I agree the above JenGroot Study does disprove that ... I never claimed it proved that ... I have only claimed what it has proven... you have not killed this data ... that data remains 100% intact.

It is not a side step or shift at all to talk about the context of usage ...how it is most likely to be used ... that question of context of usage ... is 100% the center of my position I have been 100% consistent about.



octagondd said:


> The consumer doesn't have to do wh calculations, the manufacturer, or in our case, the ah meter already does it. In fact the manufacturers have taken it even further by then doing complex calculations to create a range meter. Which does vary on usage, but people are fairly competant and figure out that gunning it, or hauling a boat, or driving uphill will lower their range just as it does in a gas vehicle.
> 
> If you decide to or are currently doing a small SOC range, good luck. We will see what happens down the road.


And the OEMs are not following your advise to get the most Wh from the pack ... they ARE using smaller % SoC/DoD window ... What does that tell you?

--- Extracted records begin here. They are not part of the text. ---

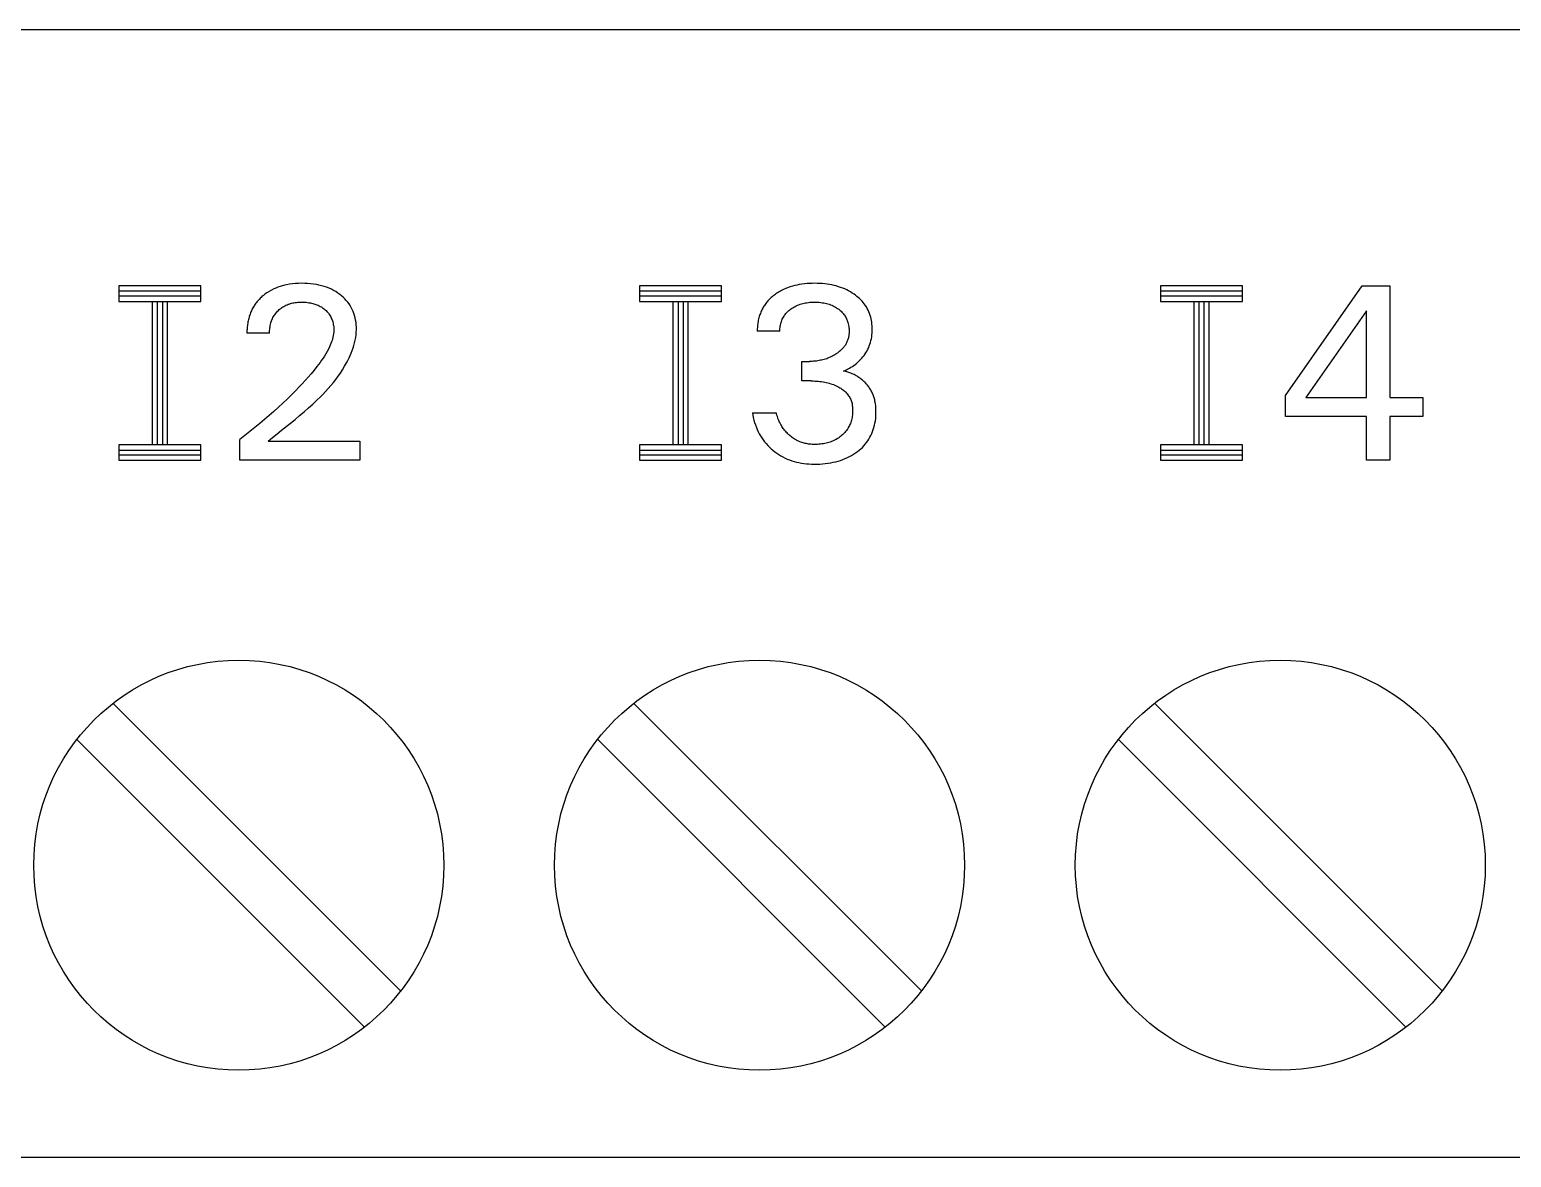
# Model space of a CAD drawing. Extents: x 0 to 420, y 0 to 297.
# Drawn here: x 156.61 to 171.06, y 237.47 to 248.47 of the extents above; entities that cross this region are included whole.
import ezdxf

# ---------------------------------------------------------------- set-up
doc = ezdxf.new("R2010")
doc.units = 0
doc.header["$LTSCALE"] = 23.1
doc.layers.add('10000_FRONT', color=7, linetype='CONTINUOUS')

msp = doc.modelspace()

# ---------------------------------------------------------------- linework, layer by layer
at = {"layer": '10000_FRONT', "color": 7, "linetype": 'CONTINUOUS'}
for p, q in [((203.56, 248.468), (134.06, 248.468)), ((157.48, 245.968), (157.48, 245.818)), ((158.28, 245.968), (157.48, 245.968)), ((158.28, 245.918), (157.48, 245.918)), ((158.28, 245.868), (157.48, 245.868)), ((158.28, 245.818), (158.28, 245.968)), ((158.876, 245.864), (158.868, 245.856)), ((158.884, 245.871), (158.876, 245.864)), ((158.891, 245.876), (158.884, 245.871)), ((158.897, 245.882), (158.891, 245.876)), ((158.904, 245.887), (158.897, 245.882)), ((158.925, 245.902), (158.904, 245.887)), ((158.946, 245.915), (158.925, 245.902)), ((158.968, 245.928), (158.946, 245.915)), ((158.991, 245.939), (158.968, 245.928)), ((159.011, 245.948), (158.991, 245.939)), ((159.032, 245.956), (159.011, 245.948)), ((159.053, 245.963), (159.032, 245.956)), ((159.074, 245.97), (159.053, 245.963)), ((159.095, 245.975), (159.074, 245.97)), ((159.117, 245.98), (159.095, 245.975)), ((159.146, 245.985), (159.117, 245.98)), ((159.175, 245.989), (159.146, 245.985)), ((159.205, 245.992), (159.175, 245.989)), ((159.234, 245.993), (159.205, 245.992)), ((159.264, 245.994), (159.234, 245.993)), ((159.293, 245.993), (159.264, 245.994)), ((159.321, 245.992), (159.293, 245.993)), ((159.35, 245.99), (159.321, 245.992)), ((159.378, 245.986), (159.35, 245.99)), ((159.407, 245.982), (159.378, 245.986)), ((159.432, 245.977), (159.407, 245.982)), ((159.457, 245.97), (159.432, 245.977)), ((159.482, 245.963), (159.457, 245.97)), ((159.507, 245.955), (159.482, 245.963)), ((159.531, 245.946), (159.507, 245.955)), ((159.553, 245.936), (159.531, 245.946)), ((159.575, 245.925), (159.553, 245.936)), ((159.596, 245.913), (159.575, 245.925)), ((159.616, 245.899), (159.596, 245.913)), ((159.636, 245.885), (159.616, 245.899)), ((159.653, 245.872), (159.636, 245.885)), ((159.669, 245.858), (159.653, 245.872)), ((162.56, 245.968), (162.56, 245.818)), ((163.36, 245.968), (162.56, 245.968)), ((163.36, 245.918), (162.56, 245.918)), ((163.36, 245.868), (162.56, 245.868)), ((163.36, 245.818), (163.36, 245.968)), ((163.86, 245.869), (163.852, 245.862)), ((163.869, 245.876), (163.86, 245.869)), ((163.878, 245.883), (163.869, 245.876)), ((163.889, 245.891), (163.878, 245.883)), ((163.9, 245.898), (163.889, 245.891)), ((163.911, 245.905), (163.9, 245.898)), ((163.922, 245.912), (163.911, 245.905)), ((163.934, 245.918), (163.922, 245.912)), ((163.945, 245.925), (163.934, 245.918)), ((163.957, 245.93), (163.945, 245.925)), ((163.969, 245.936), (163.957, 245.93)), ((163.988, 245.944), (163.969, 245.936)), ((164.009, 245.953), (163.988, 245.944)), ((164.03, 245.96), (164.009, 245.953)), ((164.052, 245.966), (164.03, 245.96)), ((164.074, 245.972), (164.052, 245.966)), ((164.096, 245.977), (164.074, 245.972)), ((164.118, 245.981), (164.096, 245.977)), ((164.143, 245.985), (164.118, 245.981)), ((164.168, 245.988), (164.143, 245.985)), ((164.193, 245.991), (164.168, 245.988)), ((164.218, 245.992), (164.193, 245.991)), ((164.243, 245.993), (164.218, 245.992)), ((164.269, 245.994), (164.243, 245.993)), ((164.293, 245.993), (164.269, 245.994)), ((164.317, 245.992), (164.293, 245.993)), ((164.342, 245.991), (164.317, 245.992)), ((164.366, 245.989), (164.342, 245.991)), ((164.39, 245.986), (164.366, 245.989)), ((164.414, 245.982), (164.39, 245.986)), ((164.436, 245.978), (164.414, 245.982)), ((164.458, 245.973), (164.436, 245.978)), ((164.479, 245.968), (164.458, 245.973)), ((164.5, 245.961), (164.479, 245.968)), ((164.521, 245.954), (164.5, 245.961)), ((164.542, 245.947), (164.521, 245.954)), ((164.562, 245.939), (164.542, 245.947)), ((164.581, 245.93), (164.562, 245.939)), ((164.599, 245.92), (164.581, 245.93)), ((164.618, 245.91), (164.599, 245.92)), ((164.635, 245.899), (164.618, 245.91)), ((164.653, 245.888), (164.635, 245.899)), ((164.667, 245.878), (164.653, 245.888)), ((164.68, 245.867), (164.667, 245.878)), ((164.693, 245.857), (164.68, 245.867)), ((167.64, 245.968), (167.64, 245.818)), ((168.44, 245.968), (167.64, 245.968)), ((168.44, 245.918), (167.64, 245.918)), ((168.44, 245.868), (167.64, 245.868)), ((168.44, 245.818), (168.44, 245.968)), ((168.86, 244.899), (169.61, 245.968)), ((169.61, 245.968), (169.878, 245.968)), ((169.878, 245.968), (169.878, 244.879)), ((157.48, 245.818), (158.28, 245.818)), ((157.805, 245.818), (157.805, 244.418)), ((157.855, 245.818), (157.855, 244.418)), ((157.905, 245.818), (157.905, 244.418)), ((157.955, 244.418), (157.955, 245.818)), ((158.773, 245.725), (158.768, 245.715)), ((158.777, 245.735), (158.773, 245.725)), ((158.782, 245.744), (158.777, 245.735)), ((158.787, 245.754), (158.782, 245.744)), ((158.793, 245.764), (158.787, 245.754)), ((158.799, 245.773), (158.793, 245.764)), ((158.804, 245.782), (158.799, 245.773)), ((158.811, 245.791), (158.804, 245.782)), ((158.817, 245.8), (158.811, 245.791)), ((158.824, 245.808), (158.817, 245.8)), ((158.831, 245.817), (158.824, 245.808)), ((158.838, 245.825), (158.831, 245.817)), ((158.845, 245.833), (158.838, 245.825)), ((158.852, 245.841), (158.845, 245.833)), ((158.86, 245.849), (158.852, 245.841)), ((158.868, 245.856), (158.86, 245.849)), ((159.021, 245.714), (159.029, 245.722)), ((159.029, 245.722), (159.037, 245.73)), ((159.037, 245.73), (159.045, 245.737)), ((159.045, 245.737), (159.053, 245.744)), ((159.053, 245.744), (159.062, 245.751)), ((159.062, 245.751), (159.071, 245.758)), ((159.071, 245.758), (159.081, 245.764)), ((159.081, 245.764), (159.09, 245.769)), ((159.09, 245.769), (159.1, 245.775)), ((159.1, 245.775), (159.11, 245.78)), ((159.11, 245.78), (159.121, 245.784)), ((159.121, 245.784), (159.132, 245.789)), ((159.132, 245.789), (159.143, 245.792)), ((159.143, 245.792), (159.154, 245.796)), ((159.154, 245.796), (159.165, 245.799)), ((159.165, 245.799), (159.176, 245.802)), ((159.176, 245.802), (159.188, 245.804)), ((159.188, 245.804), (159.201, 245.806)), ((159.201, 245.806), (159.213, 245.808)), ((159.213, 245.808), (159.226, 245.809)), ((159.226, 245.809), (159.238, 245.81)), ((159.238, 245.81), (159.251, 245.81)), ((159.251, 245.81), (159.264, 245.811)), ((159.264, 245.811), (159.278, 245.81)), ((159.278, 245.81), (159.292, 245.81)), ((159.292, 245.81), (159.307, 245.809)), ((159.307, 245.809), (159.321, 245.807)), ((159.321, 245.807), (159.335, 245.805)), ((159.335, 245.805), (159.349, 245.803)), ((159.349, 245.803), (159.36, 245.801)), ((159.36, 245.801), (159.371, 245.798)), ((159.371, 245.798), (159.382, 245.795)), ((159.382, 245.795), (159.392, 245.792)), ((159.392, 245.792), (159.403, 245.788)), ((159.403, 245.788), (159.413, 245.784)), ((159.413, 245.784), (159.423, 245.78)), ((159.423, 245.78), (159.434, 245.775)), ((159.434, 245.775), (159.445, 245.769)), ((159.445, 245.769), (159.456, 245.763)), ((159.456, 245.763), (159.466, 245.756)), ((159.466, 245.756), (159.476, 245.749)), ((159.476, 245.749), (159.485, 245.742)), ((159.485, 245.742), (159.494, 245.735)), ((159.494, 245.735), (159.502, 245.728)), ((159.502, 245.728), (159.509, 245.72)), ((159.509, 245.72), (159.517, 245.712)), ((159.685, 245.843), (159.669, 245.858)), ((159.699, 245.827), (159.685, 245.843)), ((159.713, 245.811), (159.699, 245.827)), ((159.726, 245.794), (159.713, 245.811)), ((159.737, 245.776), (159.726, 245.794)), ((159.748, 245.758), (159.737, 245.776)), ((159.757, 245.739), (159.748, 245.758)), ((159.766, 245.72), (159.757, 245.739)), ((159.773, 245.7), (159.766, 245.72)), ((162.56, 245.818), (163.36, 245.818)), ((162.885, 245.818), (162.885, 244.418)), ((162.935, 245.818), (162.935, 244.418)), ((162.985, 245.818), (162.985, 244.418)), ((163.035, 244.418), (163.035, 245.818)), ((163.746, 245.721), (163.742, 245.711)), ((163.751, 245.731), (163.746, 245.721)), ((163.756, 245.741), (163.751, 245.731)), ((163.761, 245.751), (163.756, 245.741)), ((163.766, 245.76), (163.761, 245.751)), ((163.772, 245.77), (163.766, 245.76)), ((163.778, 245.779), (163.772, 245.77)), ((163.784, 245.788), (163.778, 245.779)), ((163.79, 245.797), (163.784, 245.788)), ((163.797, 245.806), (163.79, 245.797)), ((163.804, 245.815), (163.797, 245.806)), ((163.812, 245.823), (163.804, 245.815)), ((163.819, 245.831), (163.812, 245.823)), ((163.827, 245.839), (163.819, 245.831)), ((163.835, 245.847), (163.827, 245.839)), ((163.843, 245.855), (163.835, 245.847)), ((163.852, 245.862), (163.843, 245.855)), ((164.001, 245.714), (164.009, 245.721)), ((164.009, 245.721), (164.016, 245.728)), ((164.016, 245.728), (164.024, 245.734)), ((164.024, 245.734), (164.032, 245.741)), ((164.032, 245.741), (164.043, 245.748)), ((164.043, 245.748), (164.054, 245.755)), ((164.054, 245.755), (164.065, 245.762)), ((164.065, 245.762), (164.076, 245.768)), ((164.076, 245.768), (164.088, 245.774)), ((164.088, 245.774), (164.1, 245.78)), ((164.1, 245.78), (164.112, 245.785)), ((164.112, 245.785), (164.125, 245.789)), ((164.125, 245.789), (164.138, 245.793)), ((164.138, 245.793), (164.151, 245.797)), ((164.151, 245.797), (164.164, 245.8)), ((164.164, 245.8), (164.178, 245.803)), ((164.178, 245.803), (164.192, 245.805)), ((164.192, 245.805), (164.207, 245.807)), ((164.207, 245.807), (164.222, 245.809)), ((164.222, 245.809), (164.236, 245.81)), ((164.236, 245.81), (164.251, 245.81)), ((164.251, 245.81), (164.266, 245.811)), ((164.266, 245.811), (164.281, 245.81)), ((164.281, 245.81), (164.296, 245.81)), ((164.296, 245.81), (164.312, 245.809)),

My pack will have a total of less Wh over it's life ... I am aware of the cons of my choice ... I am also aware of the pros ... and in my context the pros out weigh the cons , so that's what I am doing... which option is better depends on the context of usage.


----------



## octagondd (Jan 27, 2010)

Well, I am done with this now.

Good luck everyone, as they say, Your mileage may vary!


----------



## elanmel (May 3, 2010)

I'm planning to send my elcon charger back to set a new charge curve for a lithium upgrade. I'm trying to figure out what charge cutoff setting to tell them to use.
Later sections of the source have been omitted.